TO DO: Pictures must not appear in the copy. Restate exactly the lines below from the one with "normal blind 5" through the one with "tip angle 118", inclusive.

AVAILABLE RECORDS:
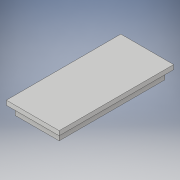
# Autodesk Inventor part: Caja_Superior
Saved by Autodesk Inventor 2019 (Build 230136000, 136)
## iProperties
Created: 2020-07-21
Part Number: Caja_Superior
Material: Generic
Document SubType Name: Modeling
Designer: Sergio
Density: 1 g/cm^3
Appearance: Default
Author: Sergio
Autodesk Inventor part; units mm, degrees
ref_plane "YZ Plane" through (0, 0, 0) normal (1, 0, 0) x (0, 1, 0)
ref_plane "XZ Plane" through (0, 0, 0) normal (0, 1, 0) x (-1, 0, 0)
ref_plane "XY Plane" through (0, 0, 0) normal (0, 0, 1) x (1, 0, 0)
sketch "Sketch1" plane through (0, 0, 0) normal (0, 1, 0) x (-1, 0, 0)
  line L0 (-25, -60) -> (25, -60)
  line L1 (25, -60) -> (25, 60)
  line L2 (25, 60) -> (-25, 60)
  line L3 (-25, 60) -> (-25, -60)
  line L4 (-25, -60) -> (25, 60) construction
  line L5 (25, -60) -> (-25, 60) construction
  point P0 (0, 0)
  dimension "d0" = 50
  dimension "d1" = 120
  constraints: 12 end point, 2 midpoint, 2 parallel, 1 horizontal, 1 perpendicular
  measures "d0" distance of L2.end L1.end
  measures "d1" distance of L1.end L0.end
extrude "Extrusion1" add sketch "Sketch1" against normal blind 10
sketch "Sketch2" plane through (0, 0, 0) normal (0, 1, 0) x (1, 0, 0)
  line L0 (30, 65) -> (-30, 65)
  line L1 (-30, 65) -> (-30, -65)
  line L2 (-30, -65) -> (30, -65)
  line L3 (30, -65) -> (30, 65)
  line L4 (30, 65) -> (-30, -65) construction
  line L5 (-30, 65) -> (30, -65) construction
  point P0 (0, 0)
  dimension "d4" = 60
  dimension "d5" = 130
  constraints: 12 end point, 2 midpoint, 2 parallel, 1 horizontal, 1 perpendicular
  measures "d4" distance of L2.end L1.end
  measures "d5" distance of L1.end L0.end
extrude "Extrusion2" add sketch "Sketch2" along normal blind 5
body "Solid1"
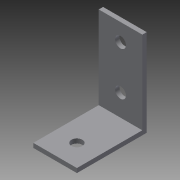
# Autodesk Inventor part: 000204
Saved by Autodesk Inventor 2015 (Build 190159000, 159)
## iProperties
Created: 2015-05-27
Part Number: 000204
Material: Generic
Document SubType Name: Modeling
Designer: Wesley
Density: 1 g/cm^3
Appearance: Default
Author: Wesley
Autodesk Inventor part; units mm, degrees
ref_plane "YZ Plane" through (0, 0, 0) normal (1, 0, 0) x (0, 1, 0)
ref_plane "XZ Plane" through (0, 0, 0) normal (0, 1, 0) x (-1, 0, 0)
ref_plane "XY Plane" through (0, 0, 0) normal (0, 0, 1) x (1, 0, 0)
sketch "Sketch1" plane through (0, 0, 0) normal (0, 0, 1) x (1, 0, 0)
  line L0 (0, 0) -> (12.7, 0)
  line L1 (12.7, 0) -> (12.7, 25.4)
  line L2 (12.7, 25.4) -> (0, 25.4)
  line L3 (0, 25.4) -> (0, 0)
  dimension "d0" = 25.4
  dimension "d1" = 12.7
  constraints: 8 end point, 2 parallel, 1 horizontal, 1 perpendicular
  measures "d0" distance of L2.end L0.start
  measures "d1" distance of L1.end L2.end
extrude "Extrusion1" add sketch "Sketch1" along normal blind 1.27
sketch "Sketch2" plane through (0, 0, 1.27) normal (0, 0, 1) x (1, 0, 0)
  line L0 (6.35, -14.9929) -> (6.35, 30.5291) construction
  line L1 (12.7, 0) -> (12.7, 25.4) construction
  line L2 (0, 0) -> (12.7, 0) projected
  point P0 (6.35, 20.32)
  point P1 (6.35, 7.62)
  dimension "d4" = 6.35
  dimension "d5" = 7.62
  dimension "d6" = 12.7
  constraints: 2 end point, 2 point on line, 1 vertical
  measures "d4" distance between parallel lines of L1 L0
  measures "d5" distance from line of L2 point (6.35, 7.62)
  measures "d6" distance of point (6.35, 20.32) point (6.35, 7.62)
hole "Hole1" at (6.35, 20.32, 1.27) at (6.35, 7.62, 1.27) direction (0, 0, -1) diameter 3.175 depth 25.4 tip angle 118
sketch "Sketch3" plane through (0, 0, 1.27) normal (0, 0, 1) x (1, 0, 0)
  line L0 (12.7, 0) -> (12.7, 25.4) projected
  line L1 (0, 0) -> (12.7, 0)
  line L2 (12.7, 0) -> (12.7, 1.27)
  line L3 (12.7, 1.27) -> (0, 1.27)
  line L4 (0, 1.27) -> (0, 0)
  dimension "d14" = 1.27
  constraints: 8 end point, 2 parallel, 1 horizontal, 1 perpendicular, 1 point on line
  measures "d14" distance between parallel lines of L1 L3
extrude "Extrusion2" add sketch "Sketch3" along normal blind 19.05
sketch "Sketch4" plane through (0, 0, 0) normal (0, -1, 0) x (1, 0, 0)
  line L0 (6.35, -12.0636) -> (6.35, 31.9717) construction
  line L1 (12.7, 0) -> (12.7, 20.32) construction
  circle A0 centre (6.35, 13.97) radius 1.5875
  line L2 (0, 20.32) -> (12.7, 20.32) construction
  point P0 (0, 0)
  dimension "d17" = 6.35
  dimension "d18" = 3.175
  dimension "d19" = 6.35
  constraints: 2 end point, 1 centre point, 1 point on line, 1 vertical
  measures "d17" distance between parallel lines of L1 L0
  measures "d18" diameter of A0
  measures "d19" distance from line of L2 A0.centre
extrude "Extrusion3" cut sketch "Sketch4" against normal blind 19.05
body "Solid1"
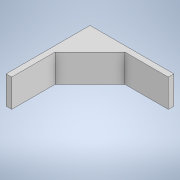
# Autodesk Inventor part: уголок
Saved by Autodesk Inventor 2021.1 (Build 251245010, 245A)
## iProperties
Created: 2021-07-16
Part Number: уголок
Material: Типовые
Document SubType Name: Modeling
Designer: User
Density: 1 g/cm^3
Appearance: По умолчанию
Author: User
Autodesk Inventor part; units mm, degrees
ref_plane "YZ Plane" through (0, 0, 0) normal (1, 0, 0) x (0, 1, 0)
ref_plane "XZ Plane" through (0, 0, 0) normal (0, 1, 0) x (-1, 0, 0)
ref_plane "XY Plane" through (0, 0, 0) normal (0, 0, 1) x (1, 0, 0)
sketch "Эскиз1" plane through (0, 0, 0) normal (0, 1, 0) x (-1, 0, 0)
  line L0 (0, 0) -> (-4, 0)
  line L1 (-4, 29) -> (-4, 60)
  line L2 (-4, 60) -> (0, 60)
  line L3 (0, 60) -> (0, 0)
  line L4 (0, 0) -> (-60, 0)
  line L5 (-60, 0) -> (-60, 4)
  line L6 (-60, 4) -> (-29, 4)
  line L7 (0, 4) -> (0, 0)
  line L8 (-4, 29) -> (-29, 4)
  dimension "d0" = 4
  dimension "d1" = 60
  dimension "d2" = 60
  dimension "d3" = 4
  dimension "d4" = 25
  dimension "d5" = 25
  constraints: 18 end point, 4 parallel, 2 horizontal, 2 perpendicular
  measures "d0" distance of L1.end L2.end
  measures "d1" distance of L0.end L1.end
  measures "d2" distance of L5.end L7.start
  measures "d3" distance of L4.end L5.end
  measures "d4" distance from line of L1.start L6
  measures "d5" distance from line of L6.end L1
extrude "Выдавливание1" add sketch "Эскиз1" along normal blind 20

REPLY TO THE TASK:
extrude "Extrusion2" add sketch "Sketch2" along normal blind 5
body "Solid1"
# Autodesk Inventor part: 000204
Saved by Autodesk Inventor 2015 (Build 190159000, 159)
## iProperties
Created: 2015-05-27
Part Number: 000204
Material: Generic
Document SubType Name: Modeling
Designer: Wesley
Density: 1 g/cm^3
Appearance: Default
Author: Wesley
Autodesk Inventor part; units mm, degrees
ref_plane "YZ Plane" through (0, 0, 0) normal (1, 0, 0) x (0, 1, 0)
ref_plane "XZ Plane" through (0, 0, 0) normal (0, 1, 0) x (-1, 0, 0)
ref_plane "XY Plane" through (0, 0, 0) normal (0, 0, 1) x (1, 0, 0)
sketch "Sketch1" plane through (0, 0, 0) normal (0, 0, 1) x (1, 0, 0)
  line L0 (0, 0) -> (12.7, 0)
  line L1 (12.7, 0) -> (12.7, 25.4)
  line L2 (12.7, 25.4) -> (0, 25.4)
  line L3 (0, 25.4) -> (0, 0)
  dimension "d0" = 25.4
  dimension "d1" = 12.7
  constraints: 8 end point, 2 parallel, 1 horizontal, 1 perpendicular
  measures "d0" distance of L2.end L0.start
  measures "d1" distance of L1.end L2.end
extrude "Extrusion1" add sketch "Sketch1" along normal blind 1.27
sketch "Sketch2" plane through (0, 0, 1.27) normal (0, 0, 1) x (1, 0, 0)
  line L0 (6.35, -14.9929) -> (6.35, 30.5291) construction
  line L1 (12.7, 0) -> (12.7, 25.4) construction
  line L2 (0, 0) -> (12.7, 0) projected
  point P0 (6.35, 20.32)
  point P1 (6.35, 7.62)
  dimension "d4" = 6.35
  dimension "d5" = 7.62
  dimension "d6" = 12.7
  constraints: 2 end point, 2 point on line, 1 vertical
  measures "d4" distance between parallel lines of L1 L0
  measures "d5" distance from line of L2 point (6.35, 7.62)
  measures "d6" distance of point (6.35, 20.32) point (6.35, 7.62)
hole "Hole1" at (6.35, 20.32, 1.27) at (6.35, 7.62, 1.27) direction (0, 0, -1) diameter 3.175 depth 25.4 tip angle 118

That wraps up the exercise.